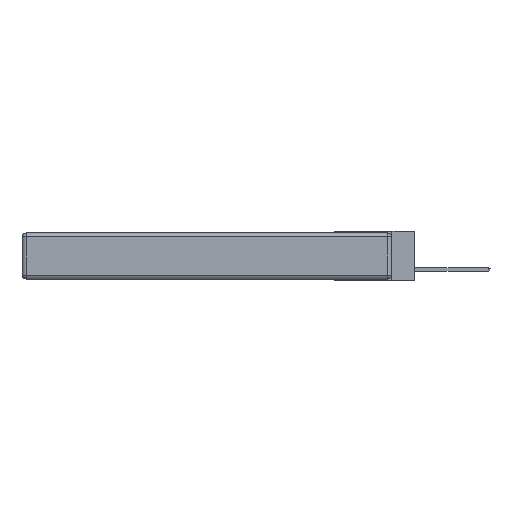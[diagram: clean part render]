
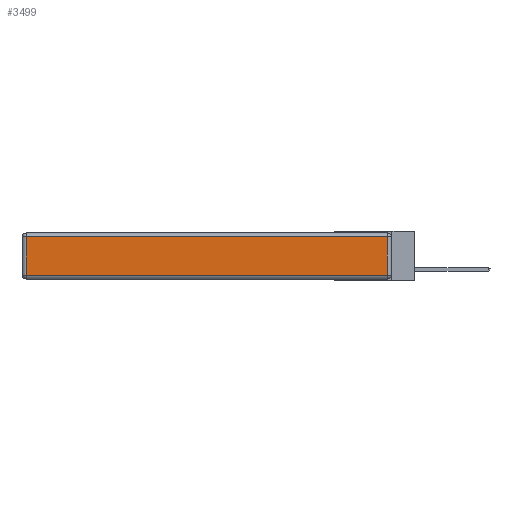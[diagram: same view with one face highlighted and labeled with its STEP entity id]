
A CAD part, left-side view. The second image highlights one B-rep face of the part: STEP entity #3499.
In plain terms, the highlighted planar face has unit normal (-1, 0, 0).
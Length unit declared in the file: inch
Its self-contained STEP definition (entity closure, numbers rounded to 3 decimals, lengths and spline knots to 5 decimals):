
#589 = VECTOR ( 'NONE', #19811, 39.37008 ) ;
#827 = EDGE_CURVE ( 'NONE', #15346, #8738, #8025, .T. ) ;
#1142 = VERTEX_POINT ( 'NONE', #6038 ) ;
#1169 = CARTESIAN_POINT ( 'NONE',  ( 0., 2.72, -0.343 ) ) ;
#1268 = DIRECTION ( 'NONE',  ( 0., 0., 1. ) ) ;
#1274 = ORIENTED_EDGE ( 'NONE', *, *, #14923, .T. ) ;
#2963 = CARTESIAN_POINT ( 'NONE',  ( 0., 2.72, -0.313 ) ) ;
#3151 = CARTESIAN_POINT ( 'NONE',  ( 0., 0., -0.313 ) ) ;
#3161 = CARTESIAN_POINT ( 'NONE',  ( 0., 2.75, -0.03 ) ) ;
#3499 = ADVANCED_FACE ( 'NONE', ( #16873 ), #4286, .T. ) ;
#4057 = ORIENTED_EDGE ( 'NONE', *, *, #827, .T. ) ;
#4286 = PLANE ( 'NONE',  #5178 ) ;
#4771 = DIRECTION ( 'NONE',  ( 0., -1., 0. ) ) ;
#5178 = AXIS2_PLACEMENT_3D ( 'NONE', #14804, #5775, #7228 ) ;
#5775 = DIRECTION ( 'NONE',  ( -1., 0., 0. ) ) ;
#5903 = CARTESIAN_POINT ( 'NONE',  ( 0., 0.03, -0.313 ) ) ;
#6038 = CARTESIAN_POINT ( 'NONE',  ( 0., 2.72, -0.03 ) ) ;
#7228 = DIRECTION ( 'NONE',  ( 0., 0., 1. ) ) ;
#8025 = LINE ( 'NONE', #3151, #13815 ) ;
#8738 = VERTEX_POINT ( 'NONE', #5903 ) ;
#12002 = DIRECTION ( 'NONE',  ( 0., 0., -1. ) ) ;
#12572 = VECTOR ( 'NONE', #12002, 39.37008 ) ;
#13815 = VECTOR ( 'NONE', #4771, 39.37008 ) ;
#14408 = VERTEX_POINT ( 'NONE', #16792 ) ;
#14804 = CARTESIAN_POINT ( 'NONE',  ( 0., 0., -0.343 ) ) ;
#14923 = EDGE_CURVE ( 'NONE', #14408, #1142, #17031, .T. ) ;
#15248 = CARTESIAN_POINT ( 'NONE',  ( 0., 0.03, -0.343 ) ) ;
#15346 = VERTEX_POINT ( 'NONE', #2963 ) ;
#16033 = VECTOR ( 'NONE', #1268, 39.37008 ) ;
#16034 = EDGE_CURVE ( 'NONE', #8738, #14408, #19919, .T. ) ;
#16720 = EDGE_LOOP ( 'NONE', ( #4057, #16798, #1274, #18134 ) ) ;
#16792 = CARTESIAN_POINT ( 'NONE',  ( 0., 0.03, -0.03 ) ) ;
#16798 = ORIENTED_EDGE ( 'NONE', *, *, #16034, .T. ) ;
#16873 = FACE_OUTER_BOUND ( 'NONE', #16720, .T. ) ;
#17031 = LINE ( 'NONE', #3161, #589 ) ;
#18134 = ORIENTED_EDGE ( 'NONE', *, *, #18250, .T. ) ;
#18250 = EDGE_CURVE ( 'NONE', #1142, #15346, #19301, .T. ) ;
#19301 = LINE ( 'NONE', #1169, #12572 ) ;
#19811 = DIRECTION ( 'NONE',  ( 0., 1., 0. ) ) ;
#19919 = LINE ( 'NONE', #15248, #16033 ) ;

* Assigned task
Taking the material above, extract exactly and only the lines from the line with "A CAD part, left-side" to the line with "#1142 = VERTEX_POINT ( 'NONE', #6038 ) ;", inclusive of both.

* Task solution
A CAD part, left-side view. The second image highlights one B-rep face of the part: STEP entity #3499.
In plain terms, the highlighted planar face has unit normal (-1, 0, 0).
Length unit declared in the file: inch
Its self-contained STEP definition (entity closure, numbers rounded to 3 decimals, lengths and spline knots to 5 decimals):
#589 = VECTOR ( 'NONE', #19811, 39.37008 ) ;
#827 = EDGE_CURVE ( 'NONE', #15346, #8738, #8025, .T. ) ;
#1142 = VERTEX_POINT ( 'NONE', #6038 ) ;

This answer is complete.